As ondas confirmaram as expectativas e proporcionaram mais um capítulo marcante na história da Laje da Jagua. Reconhecido por revolucionar o surfe de ondas grandes com uma abordagem progressiva, Lucas Chumbo voltou a impressionar ao executar manobras e linhas agressivas em condições extremas, características que transformaram seu estilo em uma referência mundial no big wave surfing.
“Session incrível que a gente teve em Jaguaruna, com certeza uma das maiores ondas do Brasil, se não a maior. Um dia que começou diferente, a primeira onda já foi uma onda gigantesca, tomei ela na cabeça, jet que virou, mas deu tudo certo, a gente conseguiu voltar e ter uma sessão incrível histórica na Jaguaruna de novo”, afirmou Chumbo.
A missão, no entanto, não terminou em Santa Catarina. Aproveitando o deslocamento natural da ondulação pelo litoral brasileiro, o surfista voltou imediatamente ao Rio de Janeiro para surfar o mesmo swell novamente — desta vez na Laje do Gardenal, na Barra da Tijuca, conhecida como a “Teahupoo carioca”.

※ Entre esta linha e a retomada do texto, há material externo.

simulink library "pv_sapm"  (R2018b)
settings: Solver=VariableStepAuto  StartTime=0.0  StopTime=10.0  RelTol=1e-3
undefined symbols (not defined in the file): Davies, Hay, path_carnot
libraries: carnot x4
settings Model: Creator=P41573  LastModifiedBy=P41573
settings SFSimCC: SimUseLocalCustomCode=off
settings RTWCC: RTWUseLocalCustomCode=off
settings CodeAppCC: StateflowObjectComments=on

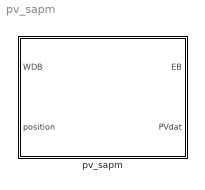
== system pv_sapm ==
  pv_sapm : Subsystem  mask(configurated PV Panel){PathName=fullfile(path_carnot('libsl'), 'Source', 'Electric_Generator', 'Pv_Sapm', 'parameter_set'), FileName='SandiaModuleDatabase.mat', Module=Yingli Solar YL230-29b Module - Sandia measured, userPath=on, userParam=off, Isco=8.222, Impo=7.727, Vmpo=29.886, Voco=37.28, T0=25, aIsc=0.000746, aImp=0.000176, BVoco=-0.1294, BVmpo=-0.137, n=1.263, SeriesCells=60, mBVoc=0, mBVmp=0, Ixo=8.1509, Ixxo=5.5099, C0=0.9993, C1=0.0007, C2=-0.058706, C3=-8.35334, C4=0.995, C5=0.005, C6=1.1325, C7=-0.1325, KbAngles=[0:5:90], Kb=[1 1 0.9999 0.9996 0.9991 0.9982 0.9965 0.9935 0.9886 0.9807 0.9678 0.9473 0.9148 0.8638 0.7846 0.6644 0.4907 0.2599 0], Kd=0.91, TypeMount=<propagated>, E0=1000, dTc=3, a=-3.348, b=-0.09143, TimeConstant=300, tini=20, ms=1, mp=1}
      mask prompts: PathName "Path"; FileName "DataBase"; Module "Parameter Set"; userPath "Edit path and name of parameter set"; userParam "User defined parameters"; Isco "reference short circuit current [A]"; Impo "reference maximum power point current [A]"; Vmpo "reference maximum power point voltage [V]"; Voco "reference open circuit voltage [V]"; T0 "reference cell temperature [°C]"; aIsc "temperature coef. for Isc [1/K]"; aImp "temperature coeff. for Imp [1/K]"; BVoco "temperature coef. for Voc [V/K]"; BVmpo "temperature coef. for Vmp [V/K]"; n "diode factor [n]"; SeriesCells "number of cells in series [-]"; mBVoc "irradiance dependant temperature coef. for Voc [V/K.wm2]"; mBVmp "irradiance dependant temperature coef. for Vmp [V/K.wm2]"; Ixo "Ix0 [A]"; Ixxo "Ixx0 [A]"; KbAngles "Kb: angles for longitudinal and transversal IAM [degree]"; Kb "Kb : incident angle modifier beam radiation"; Kd "Kd : Incidence angle modifier diffuse radiation"; TypeMount "Panel type / Mounting Option"; E0 "Reference Irradiation for deltaT (W/m2)"; dTc "SAPM parameter - deltaT [K]"; a "SAPM parameter - a [1]"; b "SAPM parameter - b [s/m]"; TimeConstant "time constant of sensor [s] - (not used)"; tini "initial cell temperature [°C] - (not used)"; ms "Number of modules in series"; mp "Number of modules in parallel"
      mask help:
      | PVPMC (PV-Lib) Single Diode equivalent Model with Sandia temperature model.
      | Parameter tables according to Sandia Module Database.
      mask init:
      | %%%%%%%%%%%%%%%%%[ok, param] = CarnotCallbacks_PvSapmConf('SetParameters',gcbh,PathName,FileName);
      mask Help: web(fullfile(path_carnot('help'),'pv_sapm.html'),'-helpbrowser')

A onda, considerada uma das mais desafiadoras do país, quebra sobre uma bancada rasa de pedras e depende de uma combinação extremamente específica de maré, direção da ondulação, vento e tamanho do mar para funcionar. Quando tudo se encaixa, forma tubos pesados e perigosos, comparados às famosas ondas do Taiti, palco da etapa da WSL em Teahupoo.
Ao lado de nomes como Pedro Scooby, Chumbo encarou as condições extremas com auxílio de jet ski nas Ilhas Tijucas e viveu mais uma sessão histórica.
“Foi uma onda que eu sempre sonhei em surfar desse jeito. Sempre quis desbravar ela dessa forma e esse dia aconteceu perfeitamente. As condições foram perfeitas, o swell estava muito encaixado e meus pilotos estavam excelentes, então tudo se encaixou para rolar aquela onda dos sonhos. Aquela onda realmente é a Teahupoo brasileira, a Teahupoo carioca”, destacou.
A intensidade da missão reforça a conexão de Lucas Chumbo com o universo das ondas gigantes e evidencia o potencial do Brasil como um dos grandes centros de treinamento da modalidade no mundo.
“O Brasil é um lugar que a gente pode falar que tem ondas grandes, gigantes. Talvez não como Nazaré, mas temos condições incríveis para treinar. Aqui conseguimos surfar diferentes tipos de onda e condições extremas, então chegamos preparados para qualquer missão”, completou o atleta.